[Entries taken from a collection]
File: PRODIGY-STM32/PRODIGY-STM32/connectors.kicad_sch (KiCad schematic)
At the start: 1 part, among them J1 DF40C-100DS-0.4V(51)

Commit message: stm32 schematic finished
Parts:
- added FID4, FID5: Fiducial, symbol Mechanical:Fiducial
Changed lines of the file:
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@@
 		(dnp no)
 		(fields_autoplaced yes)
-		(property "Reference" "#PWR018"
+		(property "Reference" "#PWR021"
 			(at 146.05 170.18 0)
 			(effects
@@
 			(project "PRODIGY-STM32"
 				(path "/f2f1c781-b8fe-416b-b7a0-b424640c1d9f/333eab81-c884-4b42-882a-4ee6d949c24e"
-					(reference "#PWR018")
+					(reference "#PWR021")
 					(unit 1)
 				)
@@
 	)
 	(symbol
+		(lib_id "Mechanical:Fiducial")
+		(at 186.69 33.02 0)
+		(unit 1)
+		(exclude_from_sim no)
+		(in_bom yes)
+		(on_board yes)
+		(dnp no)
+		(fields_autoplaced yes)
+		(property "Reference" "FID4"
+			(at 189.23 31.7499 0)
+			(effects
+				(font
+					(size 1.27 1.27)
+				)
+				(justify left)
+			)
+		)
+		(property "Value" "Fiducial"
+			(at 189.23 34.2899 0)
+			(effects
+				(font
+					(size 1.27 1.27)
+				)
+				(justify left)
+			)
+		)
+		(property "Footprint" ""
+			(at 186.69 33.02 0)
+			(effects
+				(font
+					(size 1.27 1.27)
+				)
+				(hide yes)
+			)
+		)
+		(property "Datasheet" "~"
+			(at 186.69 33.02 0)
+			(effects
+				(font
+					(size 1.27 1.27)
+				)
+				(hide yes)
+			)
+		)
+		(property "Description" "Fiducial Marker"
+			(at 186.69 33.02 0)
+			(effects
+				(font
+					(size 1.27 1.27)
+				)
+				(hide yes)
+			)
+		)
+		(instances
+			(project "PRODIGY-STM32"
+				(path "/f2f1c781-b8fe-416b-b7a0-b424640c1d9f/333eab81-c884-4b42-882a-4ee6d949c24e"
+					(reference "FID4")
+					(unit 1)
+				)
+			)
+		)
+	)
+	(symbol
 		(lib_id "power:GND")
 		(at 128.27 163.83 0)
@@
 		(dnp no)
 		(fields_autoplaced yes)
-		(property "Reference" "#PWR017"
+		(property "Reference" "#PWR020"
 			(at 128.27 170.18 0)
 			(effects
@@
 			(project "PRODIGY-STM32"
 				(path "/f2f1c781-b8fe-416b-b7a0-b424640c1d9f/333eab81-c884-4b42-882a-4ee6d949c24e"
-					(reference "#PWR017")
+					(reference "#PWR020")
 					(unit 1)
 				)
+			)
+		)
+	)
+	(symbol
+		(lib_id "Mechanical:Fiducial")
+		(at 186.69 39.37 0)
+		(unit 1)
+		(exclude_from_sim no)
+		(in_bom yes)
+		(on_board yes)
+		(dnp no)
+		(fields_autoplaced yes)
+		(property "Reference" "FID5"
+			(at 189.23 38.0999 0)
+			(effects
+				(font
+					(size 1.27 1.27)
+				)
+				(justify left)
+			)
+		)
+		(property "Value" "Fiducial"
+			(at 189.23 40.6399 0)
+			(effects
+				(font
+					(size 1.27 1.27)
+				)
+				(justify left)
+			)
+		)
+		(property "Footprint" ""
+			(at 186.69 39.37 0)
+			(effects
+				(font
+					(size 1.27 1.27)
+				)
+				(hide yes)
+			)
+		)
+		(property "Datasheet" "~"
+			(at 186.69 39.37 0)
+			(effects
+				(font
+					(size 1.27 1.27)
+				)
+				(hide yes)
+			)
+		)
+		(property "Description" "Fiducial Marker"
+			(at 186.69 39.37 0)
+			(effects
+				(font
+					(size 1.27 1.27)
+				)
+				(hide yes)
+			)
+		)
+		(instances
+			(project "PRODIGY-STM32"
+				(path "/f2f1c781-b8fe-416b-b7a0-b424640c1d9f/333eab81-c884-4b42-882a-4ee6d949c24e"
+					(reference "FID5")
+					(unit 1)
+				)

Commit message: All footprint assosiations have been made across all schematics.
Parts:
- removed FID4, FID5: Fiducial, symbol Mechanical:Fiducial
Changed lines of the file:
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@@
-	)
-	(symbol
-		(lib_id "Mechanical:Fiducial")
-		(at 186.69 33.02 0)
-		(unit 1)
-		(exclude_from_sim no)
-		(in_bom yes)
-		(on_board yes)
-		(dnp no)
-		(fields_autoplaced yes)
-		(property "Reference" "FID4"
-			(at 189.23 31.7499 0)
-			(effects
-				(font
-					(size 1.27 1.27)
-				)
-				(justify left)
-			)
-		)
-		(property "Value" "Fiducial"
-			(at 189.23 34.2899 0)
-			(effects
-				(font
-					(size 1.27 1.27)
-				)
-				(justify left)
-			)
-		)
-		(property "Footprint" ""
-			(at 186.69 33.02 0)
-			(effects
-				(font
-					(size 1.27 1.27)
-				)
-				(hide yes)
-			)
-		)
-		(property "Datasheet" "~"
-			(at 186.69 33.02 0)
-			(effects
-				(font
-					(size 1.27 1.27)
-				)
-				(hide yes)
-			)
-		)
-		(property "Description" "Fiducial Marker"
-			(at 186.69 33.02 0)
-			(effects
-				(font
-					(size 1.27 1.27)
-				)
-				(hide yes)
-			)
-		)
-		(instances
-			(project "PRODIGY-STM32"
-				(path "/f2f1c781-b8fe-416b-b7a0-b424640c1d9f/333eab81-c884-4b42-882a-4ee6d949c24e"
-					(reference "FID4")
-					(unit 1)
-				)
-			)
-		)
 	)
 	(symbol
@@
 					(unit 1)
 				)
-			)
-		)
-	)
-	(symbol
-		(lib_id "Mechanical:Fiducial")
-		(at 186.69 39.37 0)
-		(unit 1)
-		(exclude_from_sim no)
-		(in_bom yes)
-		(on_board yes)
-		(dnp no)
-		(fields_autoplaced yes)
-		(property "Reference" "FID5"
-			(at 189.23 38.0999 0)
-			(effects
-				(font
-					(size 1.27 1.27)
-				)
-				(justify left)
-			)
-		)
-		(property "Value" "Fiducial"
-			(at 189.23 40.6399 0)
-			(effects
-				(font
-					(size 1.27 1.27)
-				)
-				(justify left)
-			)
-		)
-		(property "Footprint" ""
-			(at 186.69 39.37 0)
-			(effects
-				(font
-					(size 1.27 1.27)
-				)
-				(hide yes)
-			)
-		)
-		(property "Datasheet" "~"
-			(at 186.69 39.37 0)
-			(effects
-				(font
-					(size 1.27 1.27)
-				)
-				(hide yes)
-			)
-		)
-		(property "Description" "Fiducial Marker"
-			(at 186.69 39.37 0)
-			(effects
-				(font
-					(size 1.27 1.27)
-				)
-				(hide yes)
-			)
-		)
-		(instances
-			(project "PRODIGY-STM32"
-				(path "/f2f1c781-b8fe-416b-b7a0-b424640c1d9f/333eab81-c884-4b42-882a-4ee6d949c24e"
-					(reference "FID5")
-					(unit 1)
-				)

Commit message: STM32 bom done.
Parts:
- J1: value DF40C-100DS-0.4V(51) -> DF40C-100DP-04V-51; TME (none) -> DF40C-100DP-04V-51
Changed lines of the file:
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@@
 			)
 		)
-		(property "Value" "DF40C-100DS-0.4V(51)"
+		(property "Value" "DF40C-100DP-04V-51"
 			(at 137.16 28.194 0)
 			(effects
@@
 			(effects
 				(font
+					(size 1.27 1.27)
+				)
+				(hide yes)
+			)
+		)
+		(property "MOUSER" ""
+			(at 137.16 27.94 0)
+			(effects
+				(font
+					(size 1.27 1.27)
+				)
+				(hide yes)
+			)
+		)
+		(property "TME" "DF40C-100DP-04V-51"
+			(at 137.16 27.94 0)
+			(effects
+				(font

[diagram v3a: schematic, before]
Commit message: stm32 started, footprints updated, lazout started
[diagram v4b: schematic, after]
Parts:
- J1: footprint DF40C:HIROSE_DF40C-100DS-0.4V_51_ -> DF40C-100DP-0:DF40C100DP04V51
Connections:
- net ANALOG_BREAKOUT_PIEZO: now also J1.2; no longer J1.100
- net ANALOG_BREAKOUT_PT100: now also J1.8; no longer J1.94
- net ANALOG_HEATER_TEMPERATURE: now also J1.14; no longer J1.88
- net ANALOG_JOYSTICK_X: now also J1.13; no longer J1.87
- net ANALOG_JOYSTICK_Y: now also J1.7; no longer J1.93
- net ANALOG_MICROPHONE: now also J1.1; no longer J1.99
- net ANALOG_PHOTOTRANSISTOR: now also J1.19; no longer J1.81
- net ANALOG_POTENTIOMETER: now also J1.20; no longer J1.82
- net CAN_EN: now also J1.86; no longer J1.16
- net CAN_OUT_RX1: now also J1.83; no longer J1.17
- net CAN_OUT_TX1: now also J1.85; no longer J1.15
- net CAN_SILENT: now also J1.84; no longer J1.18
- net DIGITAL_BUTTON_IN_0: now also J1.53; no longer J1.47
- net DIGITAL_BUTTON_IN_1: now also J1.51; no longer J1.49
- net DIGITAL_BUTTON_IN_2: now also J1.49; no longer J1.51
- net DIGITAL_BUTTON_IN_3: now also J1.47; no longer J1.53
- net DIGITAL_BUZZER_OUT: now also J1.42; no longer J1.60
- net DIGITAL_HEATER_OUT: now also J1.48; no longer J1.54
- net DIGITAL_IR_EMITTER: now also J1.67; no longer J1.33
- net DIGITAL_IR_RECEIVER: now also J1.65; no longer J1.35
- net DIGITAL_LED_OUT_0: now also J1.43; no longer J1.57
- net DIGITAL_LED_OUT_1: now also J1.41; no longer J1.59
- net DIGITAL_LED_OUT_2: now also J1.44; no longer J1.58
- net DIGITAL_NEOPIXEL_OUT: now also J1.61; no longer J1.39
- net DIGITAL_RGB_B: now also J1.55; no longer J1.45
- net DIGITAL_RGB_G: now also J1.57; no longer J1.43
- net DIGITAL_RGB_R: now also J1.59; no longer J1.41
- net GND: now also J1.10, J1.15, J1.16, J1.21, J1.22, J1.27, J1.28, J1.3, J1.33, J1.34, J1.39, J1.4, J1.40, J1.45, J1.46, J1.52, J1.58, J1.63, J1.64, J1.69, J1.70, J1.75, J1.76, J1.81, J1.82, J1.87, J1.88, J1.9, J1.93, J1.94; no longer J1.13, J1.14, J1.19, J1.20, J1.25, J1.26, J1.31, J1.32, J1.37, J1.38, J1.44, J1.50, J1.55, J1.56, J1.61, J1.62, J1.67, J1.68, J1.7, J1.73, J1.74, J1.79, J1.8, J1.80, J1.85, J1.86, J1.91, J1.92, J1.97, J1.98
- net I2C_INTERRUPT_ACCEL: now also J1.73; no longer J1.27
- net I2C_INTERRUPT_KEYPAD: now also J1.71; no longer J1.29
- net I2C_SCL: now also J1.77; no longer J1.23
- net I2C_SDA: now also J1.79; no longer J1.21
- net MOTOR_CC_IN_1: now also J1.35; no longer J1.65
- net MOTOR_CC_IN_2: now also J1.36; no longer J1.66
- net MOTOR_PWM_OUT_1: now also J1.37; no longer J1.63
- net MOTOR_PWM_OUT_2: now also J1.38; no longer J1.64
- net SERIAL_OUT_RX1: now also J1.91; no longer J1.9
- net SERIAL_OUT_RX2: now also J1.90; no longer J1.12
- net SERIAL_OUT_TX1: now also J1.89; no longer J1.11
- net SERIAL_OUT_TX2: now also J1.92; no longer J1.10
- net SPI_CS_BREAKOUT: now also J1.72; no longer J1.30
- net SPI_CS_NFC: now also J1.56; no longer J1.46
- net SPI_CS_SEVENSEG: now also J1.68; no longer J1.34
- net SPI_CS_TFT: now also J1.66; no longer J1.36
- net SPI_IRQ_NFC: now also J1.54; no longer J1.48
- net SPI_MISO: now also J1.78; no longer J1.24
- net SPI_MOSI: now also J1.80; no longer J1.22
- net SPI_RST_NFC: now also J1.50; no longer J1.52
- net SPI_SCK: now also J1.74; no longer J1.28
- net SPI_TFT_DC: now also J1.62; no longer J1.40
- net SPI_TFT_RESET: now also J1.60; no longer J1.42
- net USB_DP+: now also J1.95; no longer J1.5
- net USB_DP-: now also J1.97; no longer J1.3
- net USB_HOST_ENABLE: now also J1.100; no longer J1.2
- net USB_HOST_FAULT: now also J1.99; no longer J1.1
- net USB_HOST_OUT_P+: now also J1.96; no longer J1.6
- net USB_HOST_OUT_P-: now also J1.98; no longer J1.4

WHAT TO WORK ON:
For the word "Commit", find all matching lines in the entries above and copy them out.

RESULT OF THIS EXERCISE:
Commit message: stm32 schematic finished
Commit message: All footprint assosiations have been made across all schematics.
Commit message: STM32 bom done.
Commit message: stm32 started, footprints updated, lazout started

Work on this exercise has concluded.